Ces deux tomes sont les plus marquants par la haute valeur que confèrent les auteurs à la maîtrise technique de la navigation fluviale. Dans les pages documentaires du premier, Serge Aillery se réfère à Jean-Claude Martinet (Clamecy et ses Flotteurs) qui souligne que « tous les témoignages concordent pour dire que le travail du flotteur […] est dangereux, malsain et si hautement technique qu’il relève de l’art. Qu’il est un art. » Dans le deuxième tome, il cite Auguste Mahaut : « La marine d’autrefois représentait un art, un secret perdu, comme celui des vitraux de cathédrales. Il faudrait tout le XXe siècle pour faire des mariniers puisqu’il faudrait recommencer à tout apprendre… » Dans les deux cas, les compétences de navigateurs assimilées à un art donnent à ceux qui les maîtrisent des lettres de noblesse.


Propriétaire de sa gabare, Jean Tambour s'est, en quelque sorte, sédentarisé sur la Loire qui reste le théâtre des deux derniers épisodes de la série Le Grand Fleuve.

 Le troisième tome, L' Île aux Canes, évoque les débuts de la marine fluviale à vapeur. L’héroïsme de Jean Tambour pendant la crue de la Loire a été récompensé par le don d’une gabare qui lui permet de gagner sa vie et celle de son ami Gustave dans le transport de marchandises. Pour l’amour de Marie et en échange d’un chargement, Jean accepte d’enquêter sur le vol d’une chaudière importée par le consul américain Edward Church qui souhaite créer une compagnie de transport par bateaux à vapeur. Si les auteurs évoquent là les premiers steamers du Grand Fleuve, c’est pour mieux témoigner leur affection pour la navigation à voile plus respectueuse de l’environnement. Dans cet album encore, une scène rend parfaitement hommage à un savoir-faire très technique en montrant "l’endremage à la volée" d’un train de gabares qui échoue tragiquement à passer un pont.

Les "travailleurs" des routes fluviales sont attentifs et soumis aux caprices des eaux et du vent. Le regard ainsi tourné vers l'extérieur, Jean et Gustave prennent le temps d'établir des liens avec leurs semblables, par exemple en transmettant les informations au gré des rencontres, et de bien connaître leur environnement naturel. Ainsi savent-ils où piéger des anguilles. La généralisation de l’utilisation des machines accélérera considérablement la vie des hommes qui s’affranchiront toujours plus des lois de la nature. C’est la jeune femme, Marie, qui va incarner l’engagement dans cette révolution. Même si le rythme de la série est assez enlevé pour emporter le lecteur dans son univers, on sent, chez les auteurs, une grande nostalgie de la lenteur de la vie d'alors. Le fossé entre les deux amants, déjà creusé par des origines sociales différentes, mais qui n’atteignait pas la profondeur de leurs sentiments, devient infranchissable quand Marie s’engage dans la roue du "progrès". Jean détache de sa proue le bouquet qu'elle lui avait offert et le gros plan sur trois jonquilles dérivant sur le fleuve apporte une fin douce-amère à ce troisième tome.
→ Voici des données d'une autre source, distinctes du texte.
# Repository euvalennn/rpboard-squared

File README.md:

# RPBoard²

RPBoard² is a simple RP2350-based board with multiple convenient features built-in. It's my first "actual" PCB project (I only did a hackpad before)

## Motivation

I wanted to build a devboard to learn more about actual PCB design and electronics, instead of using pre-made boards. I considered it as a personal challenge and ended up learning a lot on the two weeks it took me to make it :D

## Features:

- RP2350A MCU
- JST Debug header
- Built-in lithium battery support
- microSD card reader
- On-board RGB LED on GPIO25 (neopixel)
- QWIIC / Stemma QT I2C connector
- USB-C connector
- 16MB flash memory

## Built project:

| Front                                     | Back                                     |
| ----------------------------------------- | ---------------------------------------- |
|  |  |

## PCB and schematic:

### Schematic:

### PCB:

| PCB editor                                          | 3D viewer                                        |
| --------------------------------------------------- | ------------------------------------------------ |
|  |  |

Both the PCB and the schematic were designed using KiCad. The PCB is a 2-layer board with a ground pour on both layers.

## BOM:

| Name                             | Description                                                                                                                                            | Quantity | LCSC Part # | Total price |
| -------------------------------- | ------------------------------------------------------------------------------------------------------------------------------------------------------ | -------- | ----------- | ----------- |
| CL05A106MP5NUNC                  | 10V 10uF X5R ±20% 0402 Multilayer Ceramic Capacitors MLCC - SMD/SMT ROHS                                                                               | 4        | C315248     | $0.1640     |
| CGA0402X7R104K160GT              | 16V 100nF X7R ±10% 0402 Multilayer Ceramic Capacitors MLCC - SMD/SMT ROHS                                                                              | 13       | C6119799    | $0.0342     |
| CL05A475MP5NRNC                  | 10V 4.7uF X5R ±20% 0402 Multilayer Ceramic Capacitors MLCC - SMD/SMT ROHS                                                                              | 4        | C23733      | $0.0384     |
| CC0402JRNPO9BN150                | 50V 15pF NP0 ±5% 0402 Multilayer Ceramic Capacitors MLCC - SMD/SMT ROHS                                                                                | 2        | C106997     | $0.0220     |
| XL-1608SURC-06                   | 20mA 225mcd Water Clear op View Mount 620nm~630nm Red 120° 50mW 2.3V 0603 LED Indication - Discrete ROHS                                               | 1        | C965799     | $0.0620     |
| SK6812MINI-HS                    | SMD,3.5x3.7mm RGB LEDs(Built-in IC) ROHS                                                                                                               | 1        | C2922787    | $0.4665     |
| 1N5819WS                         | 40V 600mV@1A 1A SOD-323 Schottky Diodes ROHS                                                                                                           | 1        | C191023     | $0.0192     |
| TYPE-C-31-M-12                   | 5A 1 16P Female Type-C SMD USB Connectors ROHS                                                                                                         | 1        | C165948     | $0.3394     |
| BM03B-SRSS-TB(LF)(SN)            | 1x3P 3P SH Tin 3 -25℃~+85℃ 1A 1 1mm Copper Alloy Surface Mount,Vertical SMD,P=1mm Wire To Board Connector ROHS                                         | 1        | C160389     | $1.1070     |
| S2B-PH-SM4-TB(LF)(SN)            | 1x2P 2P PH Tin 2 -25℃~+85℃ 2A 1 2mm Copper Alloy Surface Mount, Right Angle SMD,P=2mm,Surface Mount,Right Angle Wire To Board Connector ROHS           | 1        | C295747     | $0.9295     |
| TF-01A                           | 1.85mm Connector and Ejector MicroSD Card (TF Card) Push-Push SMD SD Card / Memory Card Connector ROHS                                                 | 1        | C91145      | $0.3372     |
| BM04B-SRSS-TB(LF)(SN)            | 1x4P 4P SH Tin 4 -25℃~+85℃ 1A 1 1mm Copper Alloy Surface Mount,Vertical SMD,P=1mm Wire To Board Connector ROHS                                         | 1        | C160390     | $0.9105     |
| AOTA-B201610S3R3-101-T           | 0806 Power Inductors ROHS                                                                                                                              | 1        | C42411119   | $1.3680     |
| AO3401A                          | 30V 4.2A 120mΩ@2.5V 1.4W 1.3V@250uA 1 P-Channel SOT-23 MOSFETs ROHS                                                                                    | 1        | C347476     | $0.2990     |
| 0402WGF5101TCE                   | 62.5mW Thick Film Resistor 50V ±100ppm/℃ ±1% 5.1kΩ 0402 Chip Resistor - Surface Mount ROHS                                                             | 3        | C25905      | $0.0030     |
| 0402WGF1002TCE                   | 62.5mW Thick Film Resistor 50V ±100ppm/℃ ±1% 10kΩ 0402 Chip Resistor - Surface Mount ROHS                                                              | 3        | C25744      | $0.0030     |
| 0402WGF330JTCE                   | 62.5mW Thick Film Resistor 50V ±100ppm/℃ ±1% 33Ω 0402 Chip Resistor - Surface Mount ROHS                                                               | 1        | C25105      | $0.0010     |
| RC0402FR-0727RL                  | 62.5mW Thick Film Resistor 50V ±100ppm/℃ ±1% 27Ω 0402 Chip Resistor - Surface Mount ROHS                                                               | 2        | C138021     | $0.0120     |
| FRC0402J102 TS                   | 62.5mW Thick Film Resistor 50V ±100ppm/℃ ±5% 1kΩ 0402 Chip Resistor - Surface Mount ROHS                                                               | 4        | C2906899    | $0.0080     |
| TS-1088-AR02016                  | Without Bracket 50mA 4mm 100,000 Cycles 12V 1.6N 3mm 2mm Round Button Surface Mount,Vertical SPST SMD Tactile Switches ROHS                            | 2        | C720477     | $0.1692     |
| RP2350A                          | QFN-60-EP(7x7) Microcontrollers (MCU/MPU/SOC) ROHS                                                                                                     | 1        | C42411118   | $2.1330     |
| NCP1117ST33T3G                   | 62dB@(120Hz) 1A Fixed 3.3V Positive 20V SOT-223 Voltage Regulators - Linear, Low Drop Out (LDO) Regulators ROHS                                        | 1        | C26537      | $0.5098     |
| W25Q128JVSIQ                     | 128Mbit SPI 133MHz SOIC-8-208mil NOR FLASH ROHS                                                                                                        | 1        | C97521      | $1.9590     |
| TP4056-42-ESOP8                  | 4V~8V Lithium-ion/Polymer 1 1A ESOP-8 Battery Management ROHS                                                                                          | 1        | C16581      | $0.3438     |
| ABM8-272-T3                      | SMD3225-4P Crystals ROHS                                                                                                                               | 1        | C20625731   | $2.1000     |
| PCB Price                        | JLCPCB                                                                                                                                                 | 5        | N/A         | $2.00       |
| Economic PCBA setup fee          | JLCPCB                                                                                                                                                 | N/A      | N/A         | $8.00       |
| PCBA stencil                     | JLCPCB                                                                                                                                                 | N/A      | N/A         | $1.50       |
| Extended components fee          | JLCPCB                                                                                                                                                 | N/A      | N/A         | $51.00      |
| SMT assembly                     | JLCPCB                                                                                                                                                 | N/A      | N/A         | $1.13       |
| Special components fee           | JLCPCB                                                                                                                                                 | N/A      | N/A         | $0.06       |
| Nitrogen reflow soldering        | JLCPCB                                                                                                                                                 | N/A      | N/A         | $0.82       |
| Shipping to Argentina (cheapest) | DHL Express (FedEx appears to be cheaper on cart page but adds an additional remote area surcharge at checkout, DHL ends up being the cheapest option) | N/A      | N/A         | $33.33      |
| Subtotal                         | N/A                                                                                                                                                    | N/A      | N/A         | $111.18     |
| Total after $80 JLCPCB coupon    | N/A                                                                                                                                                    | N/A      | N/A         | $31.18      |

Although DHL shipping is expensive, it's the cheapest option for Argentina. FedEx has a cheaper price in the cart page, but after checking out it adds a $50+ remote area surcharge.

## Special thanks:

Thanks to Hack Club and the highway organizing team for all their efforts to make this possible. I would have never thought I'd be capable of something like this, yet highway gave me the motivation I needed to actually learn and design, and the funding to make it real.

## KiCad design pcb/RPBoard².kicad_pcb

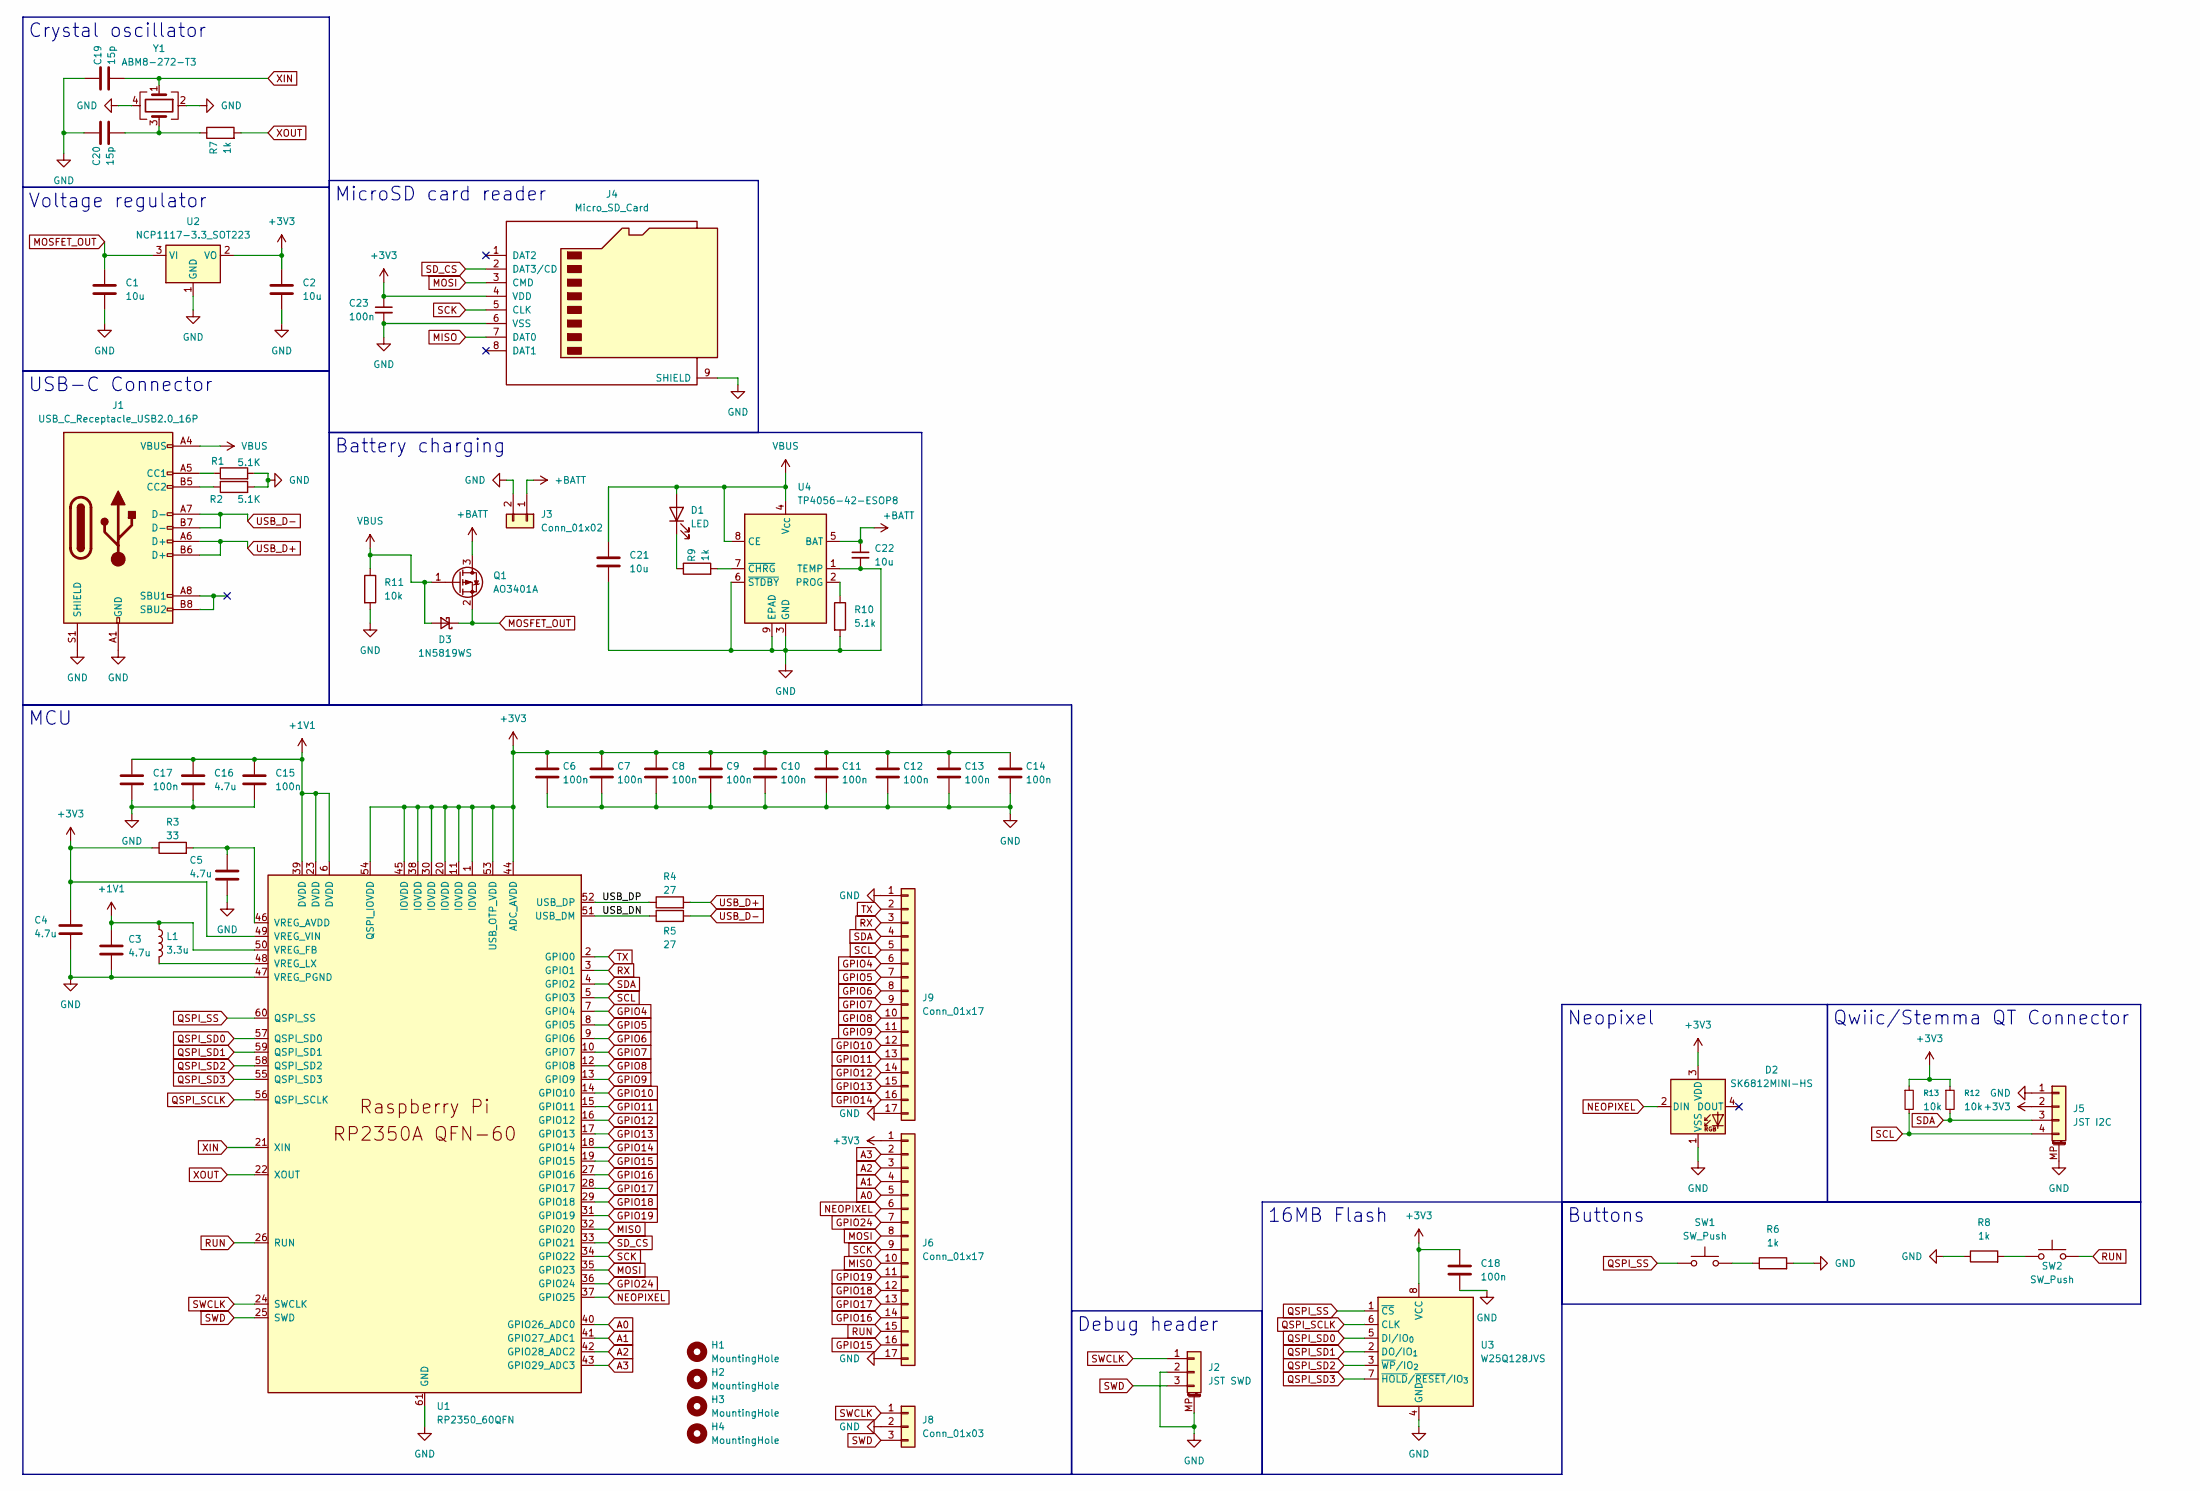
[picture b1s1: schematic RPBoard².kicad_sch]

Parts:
C1, C2, C21, C22: 10u; C_0402_1005Metric
C3, C4, C5, C16: 4.7u; C_0402_1005Metric
C6, C7, C8, C9, C10, C11, C12, C13, C14, C15, C17, C18, C23: 100n; C_0402_1005Metric
C19, C20: 15p; C_0402_1005Metric
D1: LED; LED_0603_1608Metric
D2: SK6812MINI-HS; LED_SK6812MINI_PLCC4_3.5x3.5mm_P1.75mm
D3: 1N5819WS; D_SOD-323
H1, H2, H3, H4: MountingHole; MountingHole_3.2mm_M3
J1: USB_C_Receptacle_USB2.0_16P; TYPE-C-31-M-12
J2: JST SWD; JST_SH_BM03B-SRSS-TB_1x03-1MP_P1.00mm_Vertical
J3: Conn_01x02; JST_PH_S2B-PH-SM4-TB_1x02-1MP_P2.00mm_Horizontal
J4: Micro_SD_Card; TF-01A
J5: JST I2C; JST_SH_BM04B-SRSS-TB_1x04-1MP_P1.00mm_Vertical
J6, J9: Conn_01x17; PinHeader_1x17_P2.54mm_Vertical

Le quatrième tome, Hussards en Galerne, met en scène quelques-uns des dizaines de milliers de soldats abandonnés au sud de la Loire après la défaite de l’empereur. Ceux-ci n’ont pas renoncé à l’Empire et ne reculent ni devant le vol ni devant l’assassinat pour tenter de soustraire Napoléon à son exil. Jean Tambour n'évoque qu'avec réticence son passé dans la marine de guerre, suivi de son incarcération sur un des mouroirs qu'étaient les pontons anglais. La détestation de ce passé éprouvant nourrit une colère déjà vive contre le groupe de hussards qui s'attaque aux gens du fleuve et l'oblige à réveiller ses souvenirs de soldats pour les anéantir. Le dessinateur Jean-Luc Hiettre et la coloriste Dany Delboy ont particulièrement réussi une scène stupéfiante d’assaut furieux d’une gabare par des cavaliers, où le vin du chargement teinte les eaux de la Loire des couleurs du massacre des marins. 

Les quatre tomes comportent chacun un supplément documentaire de deux ou trois pages en début d’album, témoignant des recherches des auteurs dans leur domaine respectif. On y trouve quelques mots sur les personnages mis en scène dans le volume concerné, des informations historiques et techniques très précises, des schémas et des références bibliographiques. Les deux premiers albums ont été enrichis d’un poster chacun, avec, au verso, des extraits des carnets de Jean Tambour et des croquis des personnages. On regrette de ne pas en trouver dans les suivants.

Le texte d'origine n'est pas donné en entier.